14. Em 16.02.17, o processo foi concluso ao Exmo. Sr. Juiz Dr. BB, em exercício de funções no … da Instância Central ..., que, por despacho de 17.02.17, determinou que os autos fossem com vista ao Ministério Público.

15. Na vista datada de 22.02.2018 [rectius: 22.02.2017] o Ministério Público promoveu, em 27.02.18 [rectius: 27.02.2018], que o Tribunal Coletivo se declarasse incompetente, em razão da matéria, para julgar os factos descritos e imputados aos arguidos no despacho de pronúncia, suscitando o respetivo conflito negativo de competência junto do Presidente da Secção Criminal do Tribunal da Relação ....

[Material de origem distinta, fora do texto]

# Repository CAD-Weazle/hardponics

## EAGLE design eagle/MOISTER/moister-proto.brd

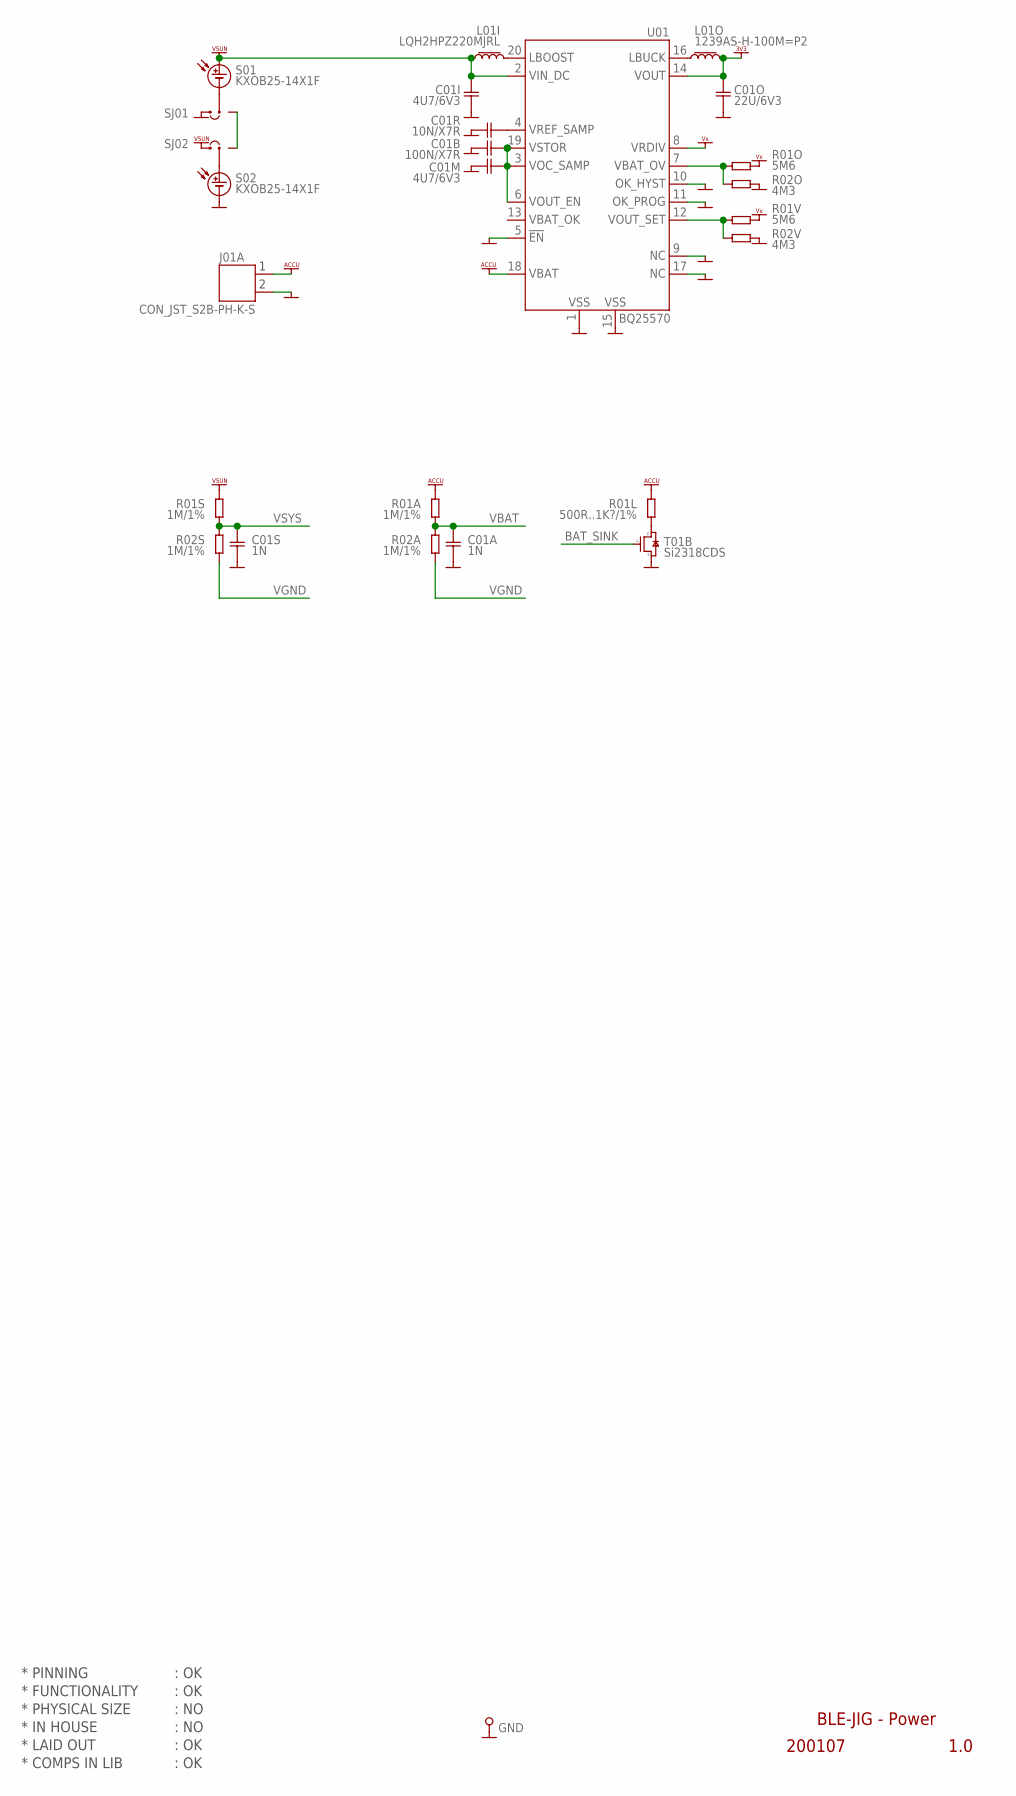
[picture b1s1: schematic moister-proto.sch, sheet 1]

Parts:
C01A, C01S: 1N; CAP0402
C01B: 100N/X7R; CAP0402
C01I, C01M: 4U7/6V3; CAP0402
C01O: 22U/6V3; CAP0402
C01R: 10N/X7R; CAP0402
GND: PIN_TEST; HOLE_PTH_0.8MM
J01A: CON_JST_S2B-PH-K-S
L01I: LQH2HPZ220MJRL; L_1008
L01O: 1239AS-H-100M=P2; L_1008
R01A, R01S, R02A, R02S: 1M/1%; RES0402
R01L: 500R..1K?/1%; RES0603
R01O, R01V: 5M6; RES0402
R02O, R02V: 4M3; RES0402
S01, S02: KXOB25-14X1F
SJ01, SJ02: SJ3SJ3-S; SJ3-S
T01B: Si2318CDS; NFET_SOT23
U01: BQ25570; VQFN20

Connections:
ACCU: J01A.1, R01A.2, R01L.2, U01.18 (18.VBAT)
BAT_SINK: T01B.1 (G1); also elsewhere on the board
GND: C01A.2, C01B.2, C01I.2, C01M.2, C01O.2, C01R.2, C01S.2, GND.1, J01A.2, R02O.2, R02V.2, S02.2, SJ01.1, T01B.2 (S2), U01.1 (1.VSS), U01.5 (5.!EN), U01.9 (9.NC), U01.10 (10.OK_HYST), U01.11 (11.OK_PROG), U01.15 (15.VSS), U01.17 (17.NC), U01.TP (15.VSS), U01.V1 (15.VSS), U01.V2 (15.VSS), U01.V3 (15.VSS), U01.V4 (15.VSS); also elsewhere on the board
unnamed: S01.2, SJ01.2
unnamed: S02.1, SJ02.2
unnamed: SJ01.3, SJ02.3
unnamed: R01L.1, T01B.3 (D3)
unnamed: C01R.1, U01.4 (4.VREF_SAMP)
unnamed: L01I.2, U01.20 (20.LBOOST)
unnamed: L01O.1, U01.16 (16.LBUCK)
VBAT: C01A.1, R01A.1, R02A.2; also elsewhere on the board
VBAT_OV: R01O.2, R02O.1, U01.7 (7.VBAT_OV)
VDD_3V3: C01O.1, L01O.2, U01.14 (14.VOUT); also elsewhere on the board
VGND: R02A.1, R02S.1; also elsewhere on the board
VOUT_SET: R01V.2, R02V.1, U01.12 (12.VOUT_SET)
VSTOR: C01B.1, C01M.1, U01.3 (3.VOC_SAMP), U01.6 (6.VOUT_EN), U01.19 (19.VSTOR)
VSUN: C01I.1, L01I.1, R01S.2, S01.1, SJ02.1, U01.2 (2.VIN_DC)
VSYS: C01S.1, R01S.1, R02S.2; also elsewhere on the board
VX: R01O.1, R01V.1, U01.8 (8.VRDIV)

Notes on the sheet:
* PINNING
* FUNCTIONALITY
* PHYSICAL SIZE
* LAID OUT
* COMPS IN LIB
* IN HOUSE
BLE-JIG - Power
200107
1.0
: OK
: NO

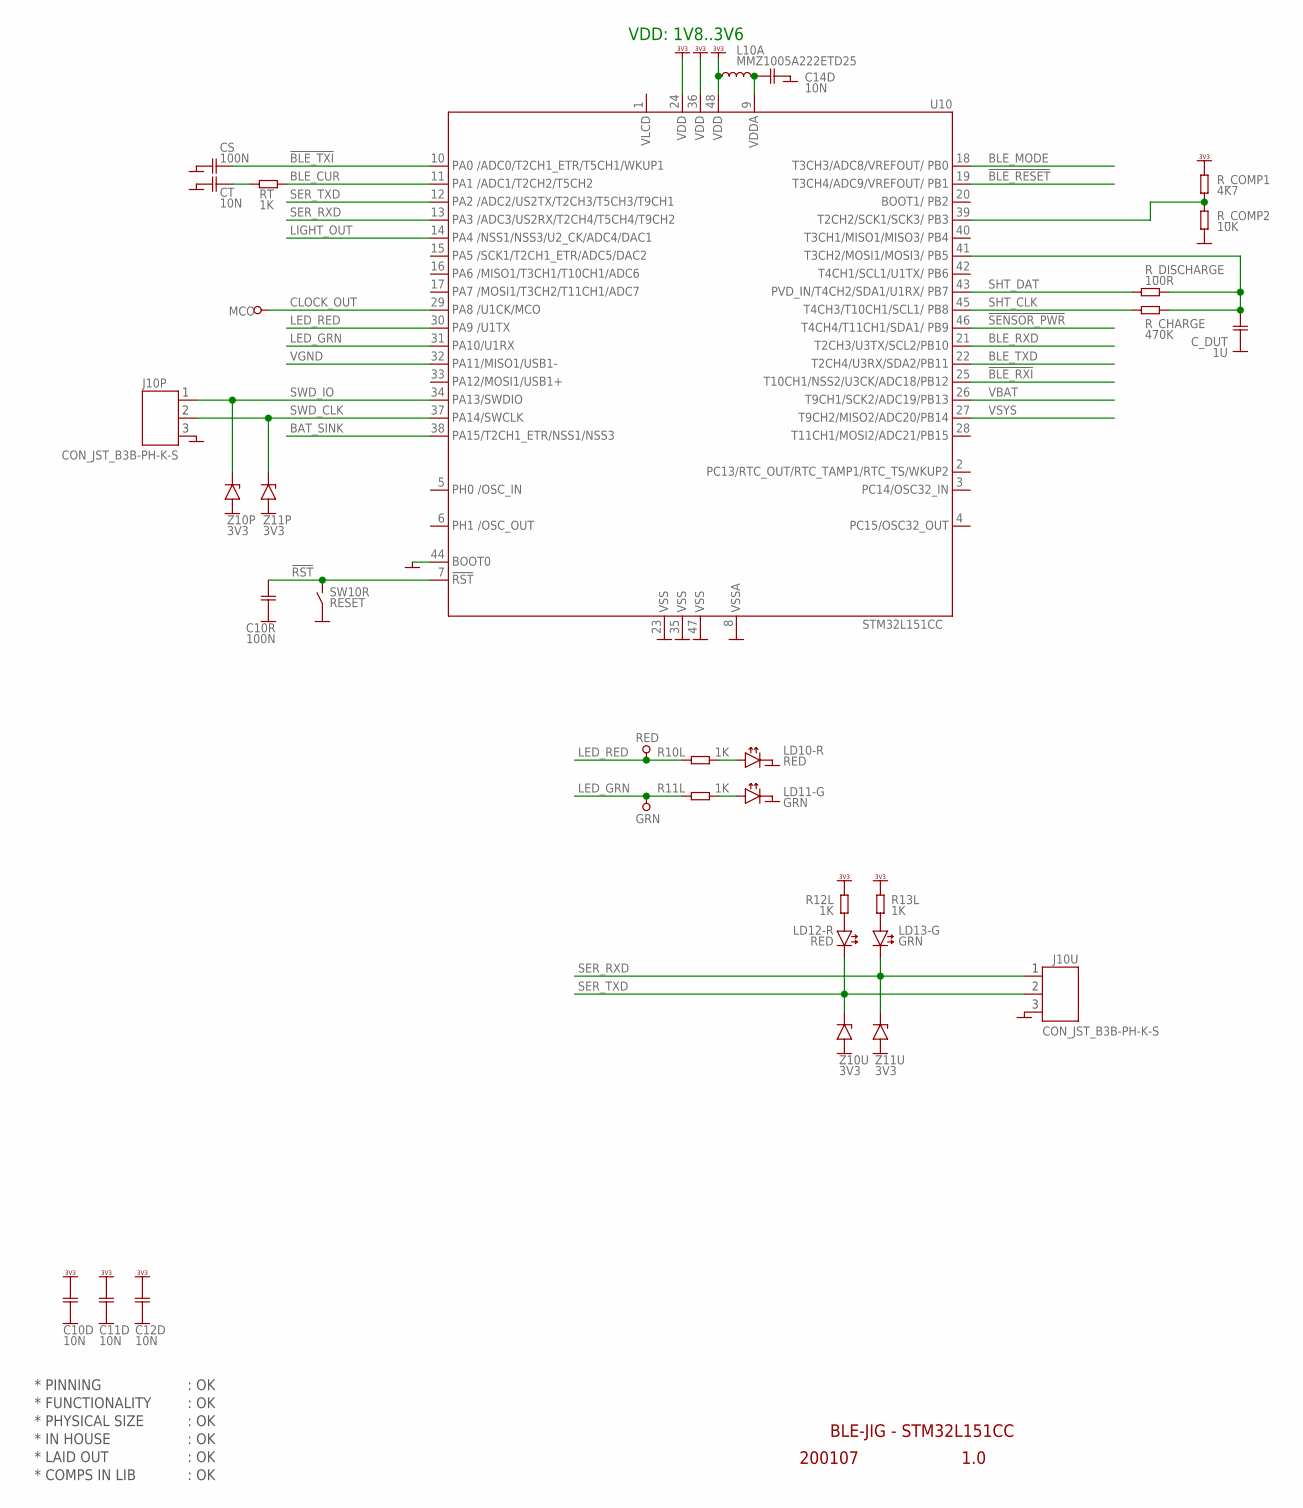
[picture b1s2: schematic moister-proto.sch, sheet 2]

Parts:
C10D, C11D, C12D, C14D: 10N; CAP0402
C10R: 100N; CAP0402
CS: 100N; CAP0805
CT: 10N; CAP0805
C_DUT: 1U; CAP0603
GRN: PIN_TEST_0.6MM; HOLE_PTH_0.6MM
J10P, J10U: CON_JST_B3B-PH-K-S
L10A: MMZ1005A222ETD25; L_0402
LD10-R, LD12-R: RED; LED_SMD_0603
LD11-G, LD13-G: GRN; LED_SMD_0603
MCO: PIN_TEST; HOLE_PTH_0.8MM
R10L, R11L, R12L, R13L: 1K; RES0402
RED: PIN_TEST_0.6MM; HOLE_PTH_0.6MM
RT: 1K; RES0805
R_CHARGE: 470K; RES0603
R_COMP1: 4K7; RES0603
R_COMP2: 10K; RES0603
R_DISCHARGE: 100R; RES0603
SW10R: RESET; SWITCH_PUSHBUTTON_EVP-AVAA1A
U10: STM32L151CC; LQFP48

16. Em 01.03.17, o processo foi concluso ao Exmo. Sr. Juiz Dr. BB que, por despacho de 06.03.17, julgou o Juízo Central ...incompetente, em razão da matéria, para julgar os factos descritos e imputados aos arguidos no despacho de pronúncia, uma vez que a pena abstratamente aplicável não era superior a 5 anos, mais assumindo que o despacho de 31.03.16 do Exmo. Sr. Juiz arguido enfermava de dois vícios: um substancial (violação do estatuído no artigo 4.°, nº 2, do Código Penal) e outro formal (por lhe estar vedado nessa fase processual alterar a qualificação jurídica dos factos - Acórdão de fixação de jurisprudência do STJ nº 11/13, de 16.06).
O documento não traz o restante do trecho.